* What the task requires
Starting from the first line below, count every line holding the word "continued", then state the total alone.

(Records excerpted from a collection)
☆ ☆ ☆ ☆ ☆
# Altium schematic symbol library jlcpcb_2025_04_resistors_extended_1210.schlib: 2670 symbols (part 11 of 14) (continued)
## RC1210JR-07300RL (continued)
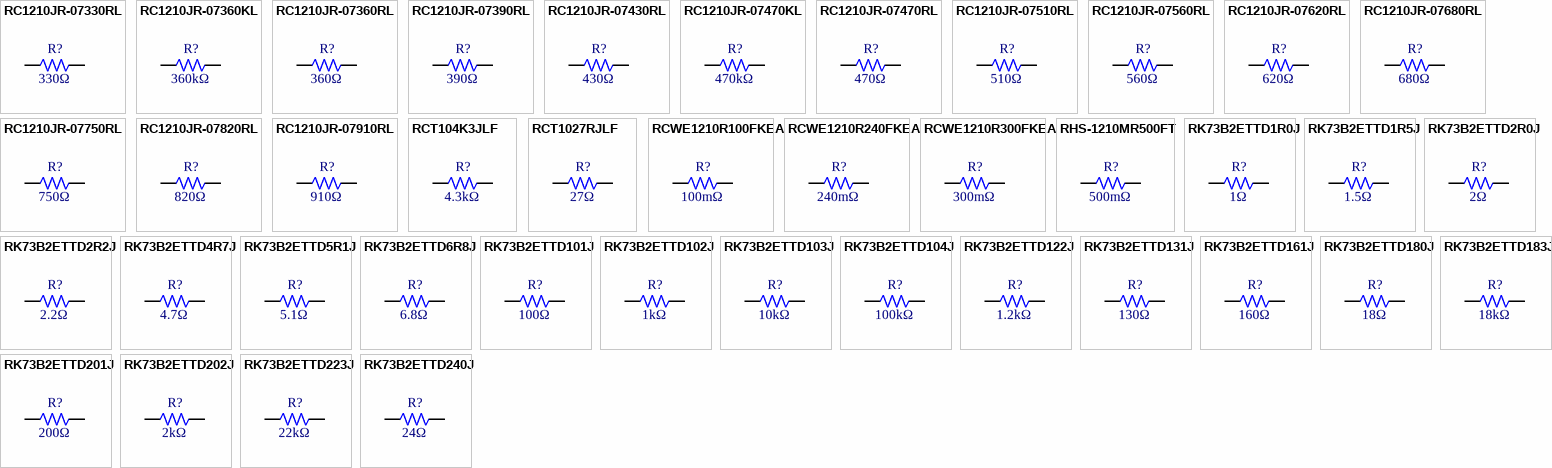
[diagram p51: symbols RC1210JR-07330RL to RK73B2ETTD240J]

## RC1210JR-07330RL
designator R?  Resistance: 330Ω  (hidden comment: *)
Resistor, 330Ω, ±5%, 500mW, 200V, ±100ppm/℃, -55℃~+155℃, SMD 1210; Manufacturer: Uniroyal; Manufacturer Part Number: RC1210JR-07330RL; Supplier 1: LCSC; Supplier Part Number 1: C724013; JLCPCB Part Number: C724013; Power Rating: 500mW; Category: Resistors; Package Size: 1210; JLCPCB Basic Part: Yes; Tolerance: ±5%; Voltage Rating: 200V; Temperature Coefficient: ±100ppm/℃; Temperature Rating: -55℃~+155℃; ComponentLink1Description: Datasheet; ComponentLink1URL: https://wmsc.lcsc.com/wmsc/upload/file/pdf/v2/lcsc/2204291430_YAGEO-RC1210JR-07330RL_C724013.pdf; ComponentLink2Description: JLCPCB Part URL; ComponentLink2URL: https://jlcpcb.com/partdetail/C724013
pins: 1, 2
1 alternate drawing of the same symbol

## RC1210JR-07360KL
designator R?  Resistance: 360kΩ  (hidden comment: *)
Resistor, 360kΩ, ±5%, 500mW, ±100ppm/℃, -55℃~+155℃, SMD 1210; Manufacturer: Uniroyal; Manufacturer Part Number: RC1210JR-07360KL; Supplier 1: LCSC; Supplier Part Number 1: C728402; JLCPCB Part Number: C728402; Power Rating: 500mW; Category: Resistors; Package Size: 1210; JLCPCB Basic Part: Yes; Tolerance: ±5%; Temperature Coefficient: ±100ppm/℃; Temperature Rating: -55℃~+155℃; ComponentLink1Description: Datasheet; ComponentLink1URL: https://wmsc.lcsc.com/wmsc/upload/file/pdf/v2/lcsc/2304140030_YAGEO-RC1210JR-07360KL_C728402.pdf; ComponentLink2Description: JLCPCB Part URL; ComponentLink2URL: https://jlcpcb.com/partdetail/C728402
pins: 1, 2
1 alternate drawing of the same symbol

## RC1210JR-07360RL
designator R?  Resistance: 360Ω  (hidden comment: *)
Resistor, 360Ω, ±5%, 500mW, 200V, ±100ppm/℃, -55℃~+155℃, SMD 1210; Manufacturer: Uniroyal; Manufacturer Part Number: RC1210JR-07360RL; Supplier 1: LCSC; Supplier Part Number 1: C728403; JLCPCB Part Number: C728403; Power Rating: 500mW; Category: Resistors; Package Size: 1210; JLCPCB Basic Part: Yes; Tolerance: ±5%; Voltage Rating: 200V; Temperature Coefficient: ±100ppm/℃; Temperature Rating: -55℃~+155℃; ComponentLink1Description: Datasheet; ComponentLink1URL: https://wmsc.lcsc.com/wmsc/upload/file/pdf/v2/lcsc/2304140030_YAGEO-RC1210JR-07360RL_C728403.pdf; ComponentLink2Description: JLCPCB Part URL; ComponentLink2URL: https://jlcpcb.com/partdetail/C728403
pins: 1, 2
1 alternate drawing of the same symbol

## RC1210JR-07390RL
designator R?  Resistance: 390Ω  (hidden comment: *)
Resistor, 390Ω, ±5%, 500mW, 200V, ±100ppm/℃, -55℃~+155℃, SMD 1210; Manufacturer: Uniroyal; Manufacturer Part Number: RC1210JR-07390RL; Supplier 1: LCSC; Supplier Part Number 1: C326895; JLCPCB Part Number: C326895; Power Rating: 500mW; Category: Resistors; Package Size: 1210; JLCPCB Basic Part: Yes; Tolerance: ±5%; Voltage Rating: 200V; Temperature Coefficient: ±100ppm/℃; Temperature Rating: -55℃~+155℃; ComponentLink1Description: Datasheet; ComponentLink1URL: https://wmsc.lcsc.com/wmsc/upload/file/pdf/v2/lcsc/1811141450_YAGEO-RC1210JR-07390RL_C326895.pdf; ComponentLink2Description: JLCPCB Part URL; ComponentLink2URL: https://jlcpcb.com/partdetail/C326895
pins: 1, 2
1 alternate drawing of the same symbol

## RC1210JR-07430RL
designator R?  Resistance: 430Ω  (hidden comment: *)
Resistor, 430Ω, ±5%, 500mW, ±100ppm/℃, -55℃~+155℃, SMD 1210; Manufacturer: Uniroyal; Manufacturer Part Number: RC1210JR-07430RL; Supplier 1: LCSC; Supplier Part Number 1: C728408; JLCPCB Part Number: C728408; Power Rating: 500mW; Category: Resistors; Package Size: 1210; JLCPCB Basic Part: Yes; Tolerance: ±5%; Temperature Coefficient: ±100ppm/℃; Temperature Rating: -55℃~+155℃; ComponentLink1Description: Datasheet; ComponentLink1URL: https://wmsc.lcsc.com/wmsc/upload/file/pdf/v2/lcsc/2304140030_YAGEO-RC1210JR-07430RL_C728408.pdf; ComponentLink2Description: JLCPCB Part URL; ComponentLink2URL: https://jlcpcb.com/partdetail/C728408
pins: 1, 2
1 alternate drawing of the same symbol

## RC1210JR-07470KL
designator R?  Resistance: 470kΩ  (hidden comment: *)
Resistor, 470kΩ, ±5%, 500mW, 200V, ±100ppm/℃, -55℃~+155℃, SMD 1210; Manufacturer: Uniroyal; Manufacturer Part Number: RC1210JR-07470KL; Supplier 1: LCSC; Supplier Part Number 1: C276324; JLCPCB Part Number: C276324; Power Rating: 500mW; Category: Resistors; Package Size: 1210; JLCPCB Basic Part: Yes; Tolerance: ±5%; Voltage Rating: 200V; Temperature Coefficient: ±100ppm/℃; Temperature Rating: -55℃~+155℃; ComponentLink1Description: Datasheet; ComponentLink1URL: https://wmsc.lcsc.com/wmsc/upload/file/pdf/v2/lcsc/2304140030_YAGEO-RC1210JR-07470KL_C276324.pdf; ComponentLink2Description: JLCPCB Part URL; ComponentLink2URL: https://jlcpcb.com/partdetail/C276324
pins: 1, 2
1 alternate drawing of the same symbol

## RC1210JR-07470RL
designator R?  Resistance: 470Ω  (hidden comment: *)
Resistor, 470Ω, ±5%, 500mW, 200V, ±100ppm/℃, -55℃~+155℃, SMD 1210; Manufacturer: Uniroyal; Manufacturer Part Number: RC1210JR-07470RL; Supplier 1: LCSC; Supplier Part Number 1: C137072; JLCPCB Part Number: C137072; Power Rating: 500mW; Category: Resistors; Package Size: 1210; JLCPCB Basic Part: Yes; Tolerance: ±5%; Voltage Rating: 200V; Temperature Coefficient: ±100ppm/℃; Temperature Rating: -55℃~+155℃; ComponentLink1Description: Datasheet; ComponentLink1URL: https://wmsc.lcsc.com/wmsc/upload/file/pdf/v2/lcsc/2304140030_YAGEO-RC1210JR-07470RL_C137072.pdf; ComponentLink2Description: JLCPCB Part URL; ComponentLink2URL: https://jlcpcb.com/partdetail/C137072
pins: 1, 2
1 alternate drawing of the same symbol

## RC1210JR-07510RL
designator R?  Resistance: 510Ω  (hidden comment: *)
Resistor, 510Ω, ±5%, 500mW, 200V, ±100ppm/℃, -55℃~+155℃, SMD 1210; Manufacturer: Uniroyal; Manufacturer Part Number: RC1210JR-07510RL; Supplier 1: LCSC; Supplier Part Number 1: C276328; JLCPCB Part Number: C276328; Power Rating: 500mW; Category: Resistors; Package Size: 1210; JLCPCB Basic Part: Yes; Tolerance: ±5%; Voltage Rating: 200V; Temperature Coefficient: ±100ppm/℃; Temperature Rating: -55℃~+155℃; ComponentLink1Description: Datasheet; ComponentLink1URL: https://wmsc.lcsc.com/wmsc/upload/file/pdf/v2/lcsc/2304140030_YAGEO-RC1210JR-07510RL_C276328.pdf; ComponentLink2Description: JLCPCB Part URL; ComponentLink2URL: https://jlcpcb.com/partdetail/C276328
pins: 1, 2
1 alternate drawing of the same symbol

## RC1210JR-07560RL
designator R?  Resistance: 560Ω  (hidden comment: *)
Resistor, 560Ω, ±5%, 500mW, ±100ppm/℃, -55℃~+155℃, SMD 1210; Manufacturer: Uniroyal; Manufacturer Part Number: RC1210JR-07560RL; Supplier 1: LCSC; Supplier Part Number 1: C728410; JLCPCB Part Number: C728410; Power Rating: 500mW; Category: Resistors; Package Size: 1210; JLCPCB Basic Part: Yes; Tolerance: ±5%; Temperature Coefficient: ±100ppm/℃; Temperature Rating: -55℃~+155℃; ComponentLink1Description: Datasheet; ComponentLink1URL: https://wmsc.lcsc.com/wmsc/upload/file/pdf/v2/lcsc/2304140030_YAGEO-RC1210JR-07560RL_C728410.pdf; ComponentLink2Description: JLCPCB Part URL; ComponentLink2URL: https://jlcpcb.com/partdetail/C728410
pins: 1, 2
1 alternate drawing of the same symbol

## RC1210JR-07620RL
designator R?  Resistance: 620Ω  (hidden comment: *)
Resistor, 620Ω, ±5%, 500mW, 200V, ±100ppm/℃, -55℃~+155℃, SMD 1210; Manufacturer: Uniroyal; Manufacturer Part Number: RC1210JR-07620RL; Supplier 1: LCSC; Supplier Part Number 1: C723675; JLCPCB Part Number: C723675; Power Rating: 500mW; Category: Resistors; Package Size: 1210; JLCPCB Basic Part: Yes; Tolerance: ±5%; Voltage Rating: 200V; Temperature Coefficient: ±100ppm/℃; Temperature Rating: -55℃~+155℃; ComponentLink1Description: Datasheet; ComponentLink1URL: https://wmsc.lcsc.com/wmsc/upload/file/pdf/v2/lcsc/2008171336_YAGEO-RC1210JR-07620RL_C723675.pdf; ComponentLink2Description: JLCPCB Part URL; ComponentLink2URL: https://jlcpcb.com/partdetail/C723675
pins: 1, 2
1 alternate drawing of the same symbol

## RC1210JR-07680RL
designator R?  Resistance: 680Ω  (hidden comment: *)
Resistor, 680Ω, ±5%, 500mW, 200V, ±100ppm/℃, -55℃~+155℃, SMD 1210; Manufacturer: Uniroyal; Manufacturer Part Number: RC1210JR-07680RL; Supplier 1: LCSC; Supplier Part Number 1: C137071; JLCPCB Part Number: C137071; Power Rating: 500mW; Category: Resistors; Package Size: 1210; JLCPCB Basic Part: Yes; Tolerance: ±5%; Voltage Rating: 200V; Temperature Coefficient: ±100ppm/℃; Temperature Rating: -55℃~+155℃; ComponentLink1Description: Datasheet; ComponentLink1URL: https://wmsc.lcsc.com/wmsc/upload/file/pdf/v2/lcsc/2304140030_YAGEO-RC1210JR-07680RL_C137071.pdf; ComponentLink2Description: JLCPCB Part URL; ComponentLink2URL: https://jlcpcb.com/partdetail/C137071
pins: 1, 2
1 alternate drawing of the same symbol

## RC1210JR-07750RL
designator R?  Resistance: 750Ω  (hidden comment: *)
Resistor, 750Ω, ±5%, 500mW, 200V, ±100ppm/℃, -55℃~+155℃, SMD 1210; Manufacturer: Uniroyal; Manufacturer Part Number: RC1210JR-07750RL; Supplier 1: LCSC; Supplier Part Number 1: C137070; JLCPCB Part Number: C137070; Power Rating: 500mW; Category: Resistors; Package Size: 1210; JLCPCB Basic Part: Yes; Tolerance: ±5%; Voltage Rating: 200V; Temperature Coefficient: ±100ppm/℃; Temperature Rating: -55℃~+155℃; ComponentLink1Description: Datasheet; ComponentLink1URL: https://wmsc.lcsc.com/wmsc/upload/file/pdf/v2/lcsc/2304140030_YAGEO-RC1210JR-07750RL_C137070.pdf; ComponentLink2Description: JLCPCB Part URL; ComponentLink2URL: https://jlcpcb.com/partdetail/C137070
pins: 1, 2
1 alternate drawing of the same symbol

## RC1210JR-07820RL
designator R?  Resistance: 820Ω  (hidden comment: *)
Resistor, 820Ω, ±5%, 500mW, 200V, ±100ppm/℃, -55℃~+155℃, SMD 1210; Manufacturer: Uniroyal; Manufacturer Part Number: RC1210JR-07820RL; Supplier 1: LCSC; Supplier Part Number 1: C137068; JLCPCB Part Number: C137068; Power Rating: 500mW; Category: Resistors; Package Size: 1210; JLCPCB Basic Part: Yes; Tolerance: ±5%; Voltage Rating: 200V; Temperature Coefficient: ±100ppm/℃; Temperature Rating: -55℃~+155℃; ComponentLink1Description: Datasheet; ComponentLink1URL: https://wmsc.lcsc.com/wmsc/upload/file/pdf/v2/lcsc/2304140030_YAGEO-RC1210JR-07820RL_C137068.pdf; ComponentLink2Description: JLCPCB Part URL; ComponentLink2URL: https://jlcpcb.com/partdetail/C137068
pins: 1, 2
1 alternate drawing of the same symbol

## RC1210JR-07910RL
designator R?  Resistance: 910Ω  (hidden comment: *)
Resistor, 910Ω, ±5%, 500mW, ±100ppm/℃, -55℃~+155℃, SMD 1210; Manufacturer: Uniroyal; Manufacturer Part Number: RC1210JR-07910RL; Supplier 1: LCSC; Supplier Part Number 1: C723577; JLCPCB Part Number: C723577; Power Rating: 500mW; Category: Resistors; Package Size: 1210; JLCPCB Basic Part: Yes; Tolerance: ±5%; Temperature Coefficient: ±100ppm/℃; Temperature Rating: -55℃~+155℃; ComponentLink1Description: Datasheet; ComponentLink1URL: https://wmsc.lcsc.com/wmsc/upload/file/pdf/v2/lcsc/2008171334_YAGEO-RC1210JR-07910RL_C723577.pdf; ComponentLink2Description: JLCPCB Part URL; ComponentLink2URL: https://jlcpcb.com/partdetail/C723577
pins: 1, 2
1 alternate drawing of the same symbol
☆ ☆ ☆ ☆ ☆
* Task solution
2